Book Scalable Optimization via Probabilistic Modeling

Download or read book Scalable Optimization via Probabilistic Modeling written by Martin Pelikan and published by Springer. This book was released on 2007-01-12 with total page 363 pages. Available in PDF, EPUB and Kindle. Book excerpt: I’m not usually a fan of edited volumes. Too often they are an incoherent hodgepodge of remnants, renegades, or rejects foisted upon an unsuspecting reading public under a misleading or fraudulent title. The volume Scalable Optimization via Probabilistic Modeling: From Algorithms to Applications is a worthy addition to your library because it succeeds on exactly those dimensions where so many edited volumes fail. For example, take the title, Scalable Optimization via Probabilistic M- eling: From Algorithms to Applications. You need not worry that you’re going to pick up this book and ?nd stray articles about anything else. This book focuseslikealaserbeamononeofthehottesttopicsinevolutionary compu- tion over the last decade or so: estimation of distribution algorithms (EDAs). EDAs borrow evolutionary computation’s population orientation and sel- tionism and throw out the genetics to give us a hybrid of substantial power, elegance, and extensibility. The article sequencing in most edited volumes is hard to understand, but from the get go the editors of this volume have assembled a set of articles sequenced in a logical fashion. The book moves from design to e?ciency enhancement and then concludes with relevant applications. The emphasis on e?ciency enhancement is particularly important, because the data-mining perspectiveimplicitinEDAsopensuptheworldofoptimizationtonewme- ods of data-guided adaptation that can further speed solutions through the construction and utilization of e?ective surrogates, hybrids, and parallel and temporal decompositions.
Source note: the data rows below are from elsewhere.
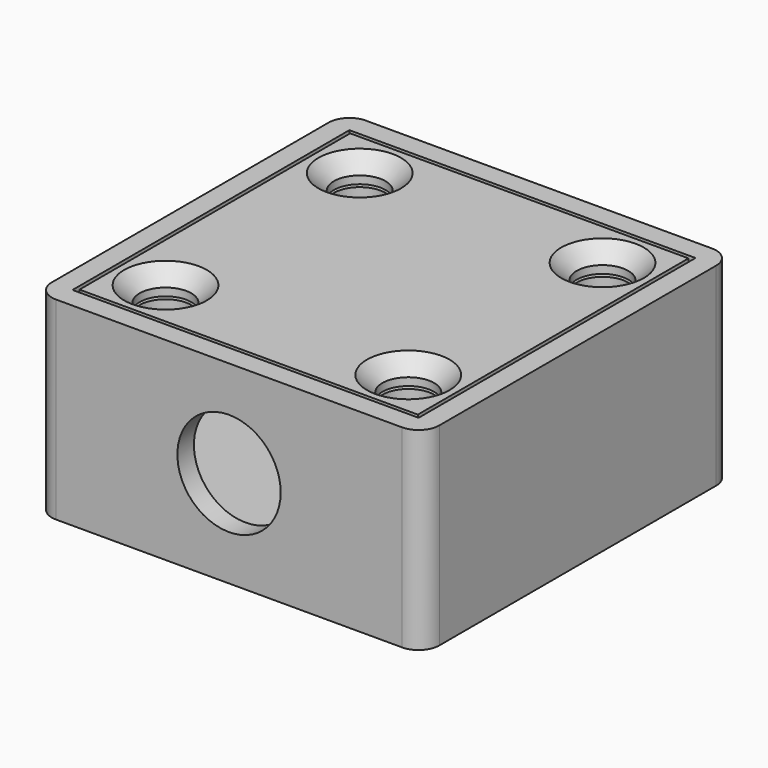
from build123d import *

# Parameters (mm, degrees)
F0_W         = 30
F0_H         = 30
F1_DEPTH     = 15
F2_T         = -1.6
F4_W         = 8
F4_H         = 8
F4_R         = 2
F5_DEPTH     = 10
F6_T4_DEPTH  = 28.5734639037
F6_T9_DEPTH  = 28.5734639037
F6_T14_DEPTH = 28.5734639037
F6_T19_DEPTH = 28.5734639037
F7_R         = 4
F8_DEPTH     = 1.6
F9_W         = 26.2
F9_H         = 26.2
F9_R         = 2
F10_DEPTH    = 1.8
F11_SIZE     = 1.2
F12_R        = 1.6


# Not quite as in the source:
# - a fillet or chamfer that OpenCascade refuses, or shapes differently, is made with other operations: its cross-section is extruded or revolved along the edge and cut away or added


with BuildPart() as f1:
    # F0 (on Top) → F1 (new body)
    with BuildSketch(Plane.XY):
        with Locations((-15, 15)):
            Rectangle(F0_W, F0_H)
    extrude(amount=F1_DEPTH)

    # F2
    f2_openings = [f1.faces().sort_by_distance(p)[0] for p in [
        (-15, 15, 15),
    ]]
    offset(amount=F2_T, openings=f2_openings)

    # F4 (on offset) → F5 (join)
    with BuildSketch(Plane.XY.offset(13)):
        with Locations((-24.4, 24.4)):
            Rectangle(F4_W, F4_H)
        with Locations((-24.4, 24.4)):
            Circle(F4_R, mode=Mode.SUBTRACT)
        with Locations((-5.6, 24.4)):
            Rectangle(F4_W, F4_H)
        with Locations((-5.6, 24.4)):
            Circle(F4_R, mode=Mode.SUBTRACT)
        with Locations((-5.6, 5.6)):
            Rectangle(F4_W, F4_H)
        with Locations((-5.6, 5.6)):
            Circle(F4_R, mode=Mode.SUBTRACT)
        with Locations((-24.4, 5.6)):
            Rectangle(F4_W, F4_H)
        with Locations((-24.4, 5.6)):
            Circle(F4_R, mode=Mode.SUBTRACT)
    extrude(amount=-F5_DEPTH)

    # F6: chamfer of 8 on 4 edges, made by hand


with BuildPart() as f6_tool2:
    # F6_s3 → F6_t4 (new body)
    with BuildSketch(Plane.XZ.offset(0.1734639037)):
        Polygon((-28.4, 3), (-20.4, 11), (-20.4, 3), align=None)
    extrude(amount=-F6_T4_DEPTH)

    split(bisect_by=Plane.XZ.offset(-1.6), keep=Keep.BOTTOM)


with BuildPart() as f1_1:
    add(f1.part)

    # F6_t1: cut F6_tool2
    add(f6_tool2.part, mode=Mode.SUBTRACT)


with BuildPart() as f6_tool7:
    # F6_s8 → F6_t9 (new body)
    with BuildSketch(Plane.XZ.offset(-28.4)):
        Polygon((-9.6, 11), (-1.6, 3), (-9.6, 3), align=None)
    extrude(amount=F6_T9_DEPTH)

    split(bisect_by=Plane.XZ.offset(-1.6), keep=Keep.BOTTOM)


with BuildPart() as f1_2:
    add(f1_1.part)

    # F6_t6: cut F6_tool7
    add(f6_tool7.part, mode=Mode.SUBTRACT)


with BuildPart() as f6_tool12:
    # F6_s13 → F6_t14 (new body)
    with BuildSketch(Plane.XZ.offset(-30.1734639037)):
        Polygon((-1.6, 3), (-9.6, 11), (-9.6, 3), align=None)
    extrude(amount=F6_T14_DEPTH)

    split(bisect_by=Plane.XZ.offset(-28.4), keep=Keep.TOP)


with BuildPart() as f1_3:
    add(f1_2.part)

    # F6_t11: cut F6_tool12
    add(f6_tool12.part, mode=Mode.SUBTRACT)


with BuildPart() as f6_tool17:
    # F6_s18 → F6_t19 (new body)
    with BuildSketch(Plane.XZ.offset(-1.6)):
        Polygon((-20.4, 11), (-28.4, 3), (-20.4, 3), align=None)
    extrude(amount=-F6_T19_DEPTH)

    split(bisect_by=Plane.XZ.offset(-28.4), keep=Keep.TOP)


with BuildPart() as f1_4:
    add(f1_3.part)

    # F6_t16: cut F6_tool17
    add(f6_tool17.part, mode=Mode.SUBTRACT)

    # F7 (on face) → F8 (cut, through all)
    with BuildSketch(Plane.XZ):
        with Locations((-15, 7.5)):
            Circle(F7_R)
    extrude(amount=-F8_DEPTH, mode=Mode.SUBTRACT)

    # F12
    f12_edges = [f1_4.edges().sort_by_distance(p)[0] for p in [
        (0, 30, 7.5),
        (-30, 30, 7.5),
        (-30, 0, 7.5),
        (0, 0, 7.5),
    ]]
    fillet(f12_edges, radius=F12_R)


with BuildPart() as f10:
    # F9 (on face) → F10 (new body)
    with BuildSketch(Plane.XY.offset(15)):
        with Locations((-15, 15)):
            Rectangle(F9_W, F9_H)
        with Locations((-24.4, 5.6)):
            Circle(F9_R, mode=Mode.SUBTRACT)
        with Locations((-5.6, 5.6)):
            Circle(F9_R, mode=Mode.SUBTRACT)
        with Locations((-24.4, 24.4)):
            Circle(F9_R, mode=Mode.SUBTRACT)
        with Locations((-5.6, 24.4)):
            Circle(F9_R, mode=Mode.SUBTRACT)
    extrude(amount=-F10_DEPTH)

    # F11
    f11_edges = [f10.edges().sort_by_distance(p)[0] for p in [
        (-7.6, 24.4, 15),
        (-7.6, 5.6, 15),
        (-26.4, 5.6, 15),
        (-26.4, 24.4, 15),
    ]]
    chamfer(f11_edges, length=F11_SIZE)


solid = Compound([f1_4.part, f10.part])

Book Encyclopedia of Algorithms

    Book Details:
  • Author : Ming-Yang Kao
  • Publisher : Springer Science & Business Media
  • Release : 2008-08-06
  • ISBN : 0387307702
  • Pages : 1200 pages

Download or read book Encyclopedia of Algorithms written by Ming-Yang Kao and published by Springer Science & Business Media. This book was released on 2008-08-06 with total page 1200 pages. Available in PDF, EPUB and Kindle. Book excerpt: One of Springer’s renowned Major Reference Works, this awesome achievement provides a comprehensive set of solutions to important algorithmic problems for students and researchers interested in quickly locating useful information. This first edition of the reference focuses on high-impact solutions from the most recent decade, while later editions will widen the scope of the work. All entries have been written by experts, while links to Internet sites that outline their research work are provided. The entries have all been peer-reviewed. This defining reference is published both in print and on line.

Book Design and Analysis of Algorithms

Download or read book Design and Analysis of Algorithms written by Guy Even and published by Springer. This book was released on 2012-11-27 with total page 270 pages. Available in PDF, EPUB and Kindle. Book excerpt: This book constitutes the refereed proceedings of the First Mediterranean Conference on Algorithms, MedAlg 2012, held in Kibbutz Ein Gedi, Israel, in December 2012. The 18 papers presented were carefully reviewed and selected from 44 submissions. The conference papers focus on the design, engineering, theoretical and experimental performance analysis of algorithms for problems arising in different areas of computation. Topics covered include: communications networks, combinatorial optimization and approximation, parallel and distributed computing, computer systems and architecture, economics, game theory, social networks and the World Wide Web.